Breast cancer resistance protein (BCRP/ABCG2) specifically transports various chemotherapeutic agents and is involved in the development of multidrug resistance (MDR) in cancer cells. MicroRNAs (miRNAs) can play an important role in modulating the sensitivity of cancer cells to chemotherapeutic agents. Therefore, after confirming that BCRP was increased in the mitoxantrone (MX)-resistant MCF-7 breast cancer cell line MCF-7/MX compared with its parental sensitive MCF-7 cell line, we aimed to explore the miRNAs that regulate BCRP expression and sensitize breast cancer cells to chemotherapeutic agents.
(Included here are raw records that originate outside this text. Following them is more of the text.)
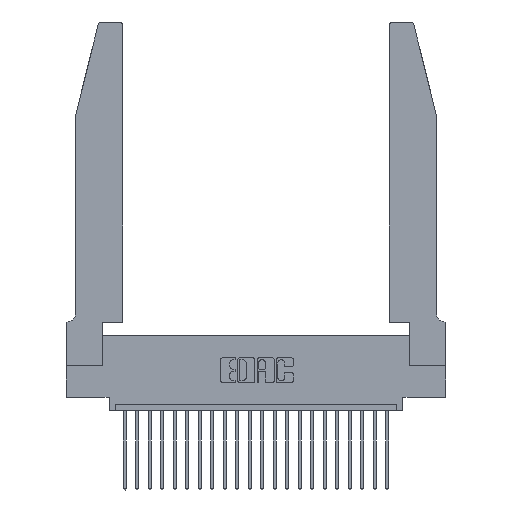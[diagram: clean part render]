
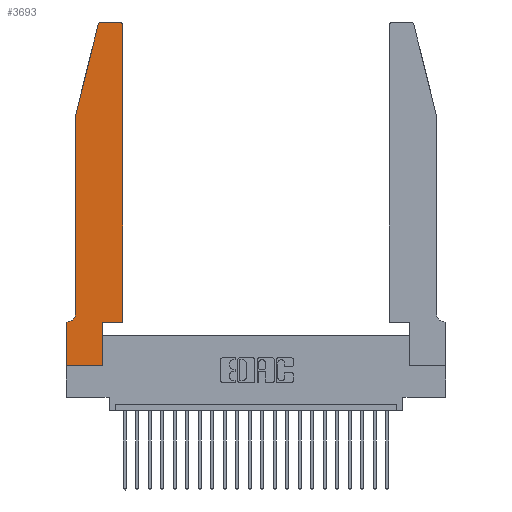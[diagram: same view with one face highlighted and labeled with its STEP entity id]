
A CAD part, top view. The second image highlights one B-rep face of the part: STEP entity #3693.
In plain terms, the highlighted planar face has unit normal (0, 0, 1).
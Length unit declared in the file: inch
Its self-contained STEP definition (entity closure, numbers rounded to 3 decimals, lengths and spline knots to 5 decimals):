
#361 = DIRECTION ( 'NONE',  ( 1., 0., 0. ) ) ;
#366 = ORIENTED_EDGE ( 'NONE', *, *, #4962, .T. ) ;
#917 = DIRECTION ( 'NONE',  ( 0., -1., 0. ) ) ;
#1174 = VERTEX_POINT ( 'NONE', #13996 ) ;
#1428 = EDGE_CURVE ( 'NONE', #8279, #7483, #2200, .T. ) ;
#1519 = VECTOR ( 'NONE', #917, 39.37008 ) ;
#1969 = CIRCLE ( 'NONE', #4644, 0.07 ) ;
#1978 = ORIENTED_EDGE ( 'NONE', *, *, #2784, .T. ) ;
#2000 = LINE ( 'NONE', #14902, #8971 ) ;
#2158 = EDGE_CURVE ( 'NONE', #19594, #4932, #7115, .T. ) ;
#2200 = LINE ( 'NONE', #20859, #17692 ) ;
#2419 = ORIENTED_EDGE ( 'NONE', *, *, #13696, .T. ) ;
#2738 = LINE ( 'NONE', #23441, #11180 ) ;
#2784 = EDGE_CURVE ( 'NONE', #16058, #19529, #2738, .T. ) ;
#2856 = DIRECTION ( 'NONE',  ( 0., 1., 0. ) ) ;
#2926 = VERTEX_POINT ( 'NONE', #21983 ) ;
#3235 = DIRECTION ( 'NONE',  ( 0., 1., 0. ) ) ;
#3285 = CARTESIAN_POINT ( 'NONE',  ( 0.4205, 2.75, 0.37 ) ) ;
#3502 = CARTESIAN_POINT ( 'NONE',  ( 0.0055, 0.42, 0.37 ) ) ;
#3643 = EDGE_CURVE ( 'NONE', #7483, #14038, #6204, .T. ) ;
#3651 = CARTESIAN_POINT ( 'NONE',  ( 0.2865, 0.35, 0.37 ) ) ;
#3662 = ORIENTED_EDGE ( 'NONE', *, *, #18184, .T. ) ;
#3693 = ADVANCED_FACE ( 'NONE', ( #13219 ), #18685, .T. ) ;
#4268 = DIRECTION ( 'NONE',  ( 1., 0., 0. ) ) ;
#4485 = CARTESIAN_POINT ( 'NONE',  ( 0.284, 2.75, 0.37 ) ) ;
#4533 = DIRECTION ( 'NONE',  ( 1., 0., 0. ) ) ;
#4644 = AXIS2_PLACEMENT_3D ( 'NONE', #3502, #11065, #9410 ) ;
#4932 = VERTEX_POINT ( 'NONE', #5891 ) ;
#4962 = EDGE_CURVE ( 'NONE', #19529, #19594, #13463, .T. ) ;
#5246 = CARTESIAN_POINT ( 'NONE',  ( 0.2865, 0.35, 0.37 ) ) ;
#5776 = ORIENTED_EDGE ( 'NONE', *, *, #1428, .T. ) ;
#5891 = CARTESIAN_POINT ( 'NONE',  ( 0.0755, 2., 0.37 ) ) ;
#6204 = LINE ( 'NONE', #5246, #13536 ) ;
#6663 = DIRECTION ( 'NONE',  ( -1., 0., 0. ) ) ;
#6898 = EDGE_CURVE ( 'NONE', #10810, #8279, #18695, .T. ) ;
#6947 = CARTESIAN_POINT ( 'NONE',  ( 0.0755, 0.42, 0.37 ) ) ;
#7115 = LINE ( 'NONE', #19247, #23494 ) ;
#7483 = VERTEX_POINT ( 'NONE', #7589 ) ;
#7589 = CARTESIAN_POINT ( 'NONE',  ( 0.2865, 0., 0.37 ) ) ;
#8279 = VERTEX_POINT ( 'NONE', #14515 ) ;
#8374 = CARTESIAN_POINT ( 'NONE',  ( 0.0755, 2., 0.37 ) ) ;
#8878 = EDGE_CURVE ( 'NONE', #20641, #16058, #13052, .T. ) ;
#8971 = VECTOR ( 'NONE', #14213, 39.37008 ) ;
#9410 = DIRECTION ( 'NONE',  ( -1., 0., 0. ) ) ;
#9805 = VECTOR ( 'NONE', #10999, 39.37008 ) ;
#9914 = DIRECTION ( 'NONE',  ( -0.239, -0.971, 0. ) ) ;
#10100 = ORIENTED_EDGE ( 'NONE', *, *, #3643, .T. ) ;
#10288 = AXIS2_PLACEMENT_3D ( 'NONE', #12994, #13081, #14948 ) ;
#10810 = VERTEX_POINT ( 'NONE', #13421 ) ;
#10999 = DIRECTION ( 'NONE',  ( -1., 0., 0. ) ) ;
#11065 = DIRECTION ( 'NONE',  ( 0., 0., -1. ) ) ;
#11180 = VECTOR ( 'NONE', #6663, 39.37008 ) ;
#11604 = DIRECTION ( 'NONE',  ( 0., 0., 1. ) ) ;
#11739 = AXIS2_PLACEMENT_3D ( 'NONE', #13330, #11604, #4268 ) ;
#12023 = LINE ( 'NONE', #8374, #1519 ) ;
#12212 = CARTESIAN_POINT ( 'NONE',  ( 0.0755, 0.35, 0.37 ) ) ;
#12508 = ORIENTED_EDGE ( 'NONE', *, *, #14040, .T. ) ;
#12585 = VECTOR ( 'NONE', #22487, 39.37008 ) ;
#12994 = CARTESIAN_POINT ( 'NONE',  ( 0., 0.35, 0.37 ) ) ;
#13052 = CIRCLE ( 'NONE', #20875, 0.03 ) ;
#13081 = DIRECTION ( 'NONE',  ( 0., 0., 1. ) ) ;
#13219 = FACE_OUTER_BOUND ( 'NONE', #16807, .T. ) ;
#13330 = CARTESIAN_POINT ( 'NONE',  ( 0.284, 2.72, 0.37 ) ) ;
#13421 = CARTESIAN_POINT ( 'NONE',  ( 0., 0.35, 0.37 ) ) ;
#13463 = CIRCLE ( 'NONE', #11739, 0.03 ) ;
#13536 = VECTOR ( 'NONE', #3235, 39.37008 ) ;
#13696 = EDGE_CURVE ( 'NONE', #23846, #1174, #1969, .T. ) ;
#13951 = LINE ( 'NONE', #12212, #9805 ) ;
#13996 = CARTESIAN_POINT ( 'NONE',  ( 0.0055, 0.35, 0.37 ) ) ;
#14038 = VERTEX_POINT ( 'NONE', #3651 ) ;
#14040 = EDGE_CURVE ( 'NONE', #14038, #2926, #2000, .T. ) ;
#14108 = CARTESIAN_POINT ( 'NONE',  ( 0.25487, 2.72718, 0.37 ) ) ;
#14194 = LINE ( 'NONE', #15831, #15642 ) ;
#14213 = DIRECTION ( 'NONE',  ( 1., 0., 0. ) ) ;
#14515 = CARTESIAN_POINT ( 'NONE',  ( 0., 0., 0.37 ) ) ;
#14681 = EDGE_CURVE ( 'NONE', #1174, #10810, #13951, .T. ) ;
#14902 = CARTESIAN_POINT ( 'NONE',  ( 0.4505, 0.35, 0.37 ) ) ;
#14916 = ORIENTED_EDGE ( 'NONE', *, *, #2158, .T. ) ;
#14948 = DIRECTION ( 'NONE',  ( 1., 0., 0. ) ) ;
#15547 = ORIENTED_EDGE ( 'NONE', *, *, #6898, .T. ) ;
#15642 = VECTOR ( 'NONE', #2856, 39.37008 ) ;
#15713 = DIRECTION ( 'NONE',  ( 0., 0., 1. ) ) ;
#15831 = CARTESIAN_POINT ( 'NONE',  ( 0.4505, 0.35, 0.37 ) ) ;
#15926 = ORIENTED_EDGE ( 'NONE', *, *, #23074, .T. ) ;
#16058 = VERTEX_POINT ( 'NONE', #3285 ) ;
#16807 = EDGE_LOOP ( 'NONE', ( #1978, #366, #14916, #3662, #2419, #22256, #15547, #5776, #10100, #12508, #15926, #19910 ) ) ;
#17692 = VECTOR ( 'NONE', #361, 39.37008 ) ;
#18184 = EDGE_CURVE ( 'NONE', #4932, #23846, #12023, .T. ) ;
#18685 = PLANE ( 'NONE',  #10288 ) ;
#18695 = LINE ( 'NONE', #21751, #12585 ) ;
#19247 = CARTESIAN_POINT ( 'NONE',  ( 0.0755, 2., 0.37 ) ) ;
#19529 = VERTEX_POINT ( 'NONE', #4485 ) ;
#19594 = VERTEX_POINT ( 'NONE', #14108 ) ;
#19910 = ORIENTED_EDGE ( 'NONE', *, *, #8878, .T. ) ;
#20641 = VERTEX_POINT ( 'NONE', #21244 ) ;
#20859 = CARTESIAN_POINT ( 'NONE',  ( 0., 0., 0.37 ) ) ;
#20875 = AXIS2_PLACEMENT_3D ( 'NONE', #21223, #15713, #4533 ) ;
#21223 = CARTESIAN_POINT ( 'NONE',  ( 0.4205, 2.72, 0.37 ) ) ;
#21244 = CARTESIAN_POINT ( 'NONE',  ( 0.4505, 2.72, 0.37 ) ) ;
#21751 = CARTESIAN_POINT ( 'NONE',  ( 0., 0., 0.37 ) ) ;
#21983 = CARTESIAN_POINT ( 'NONE',  ( 0.4505, 0.35, 0.37 ) ) ;
#22256 = ORIENTED_EDGE ( 'NONE', *, *, #14681, .T. ) ;
#22487 = DIRECTION ( 'NONE',  ( 0., -1., 0. ) ) ;
#23074 = EDGE_CURVE ( 'NONE', #2926, #20641, #14194, .T. ) ;
#23441 = CARTESIAN_POINT ( 'NONE',  ( 0.2605, 2.75, 0.37 ) ) ;
#23494 = VECTOR ( 'NONE', #9914, 39.37008 ) ;
#23846 = VERTEX_POINT ( 'NONE', #6947 ) ;

In the present study, bioinformatic analysis indicated that miR-487a was one of the miRNAs that could bind to the 3' untranslated region (3'UTR) of BCRP. Quantitative RT-PCR (qRT-PCR) analysis demonstrated that the expression of miR-487a was reduced in MCF-7/MX cells, and a luciferase reporter assay demonstrated that miR-487a directly bound to the 3'UTR of BCRP. Moreover, ectopic miR-487a down-regulated BCRP expression at the mRNA and protein levels, increasing the intracellular accumulation and cytotoxicity of MX in resistant MCF-7/MX breast cancer cells. Meanwhile, inhibition of miR-487a increased BCRP expression at the mRNA and protein levels and induced MX resistance in sensitive MCF-7 breast cancer cells. Furthermore, the reduced expression of BCRP and increased antitumor effects of MX were also detected in MCF-7/MX xenograft tumors treated with the miR-487a agmir. Thus, our results suggested that miR-487a can directly regulate BCRP expression and reverse chemotherapeutic drug resistance in a subset of breast cancers.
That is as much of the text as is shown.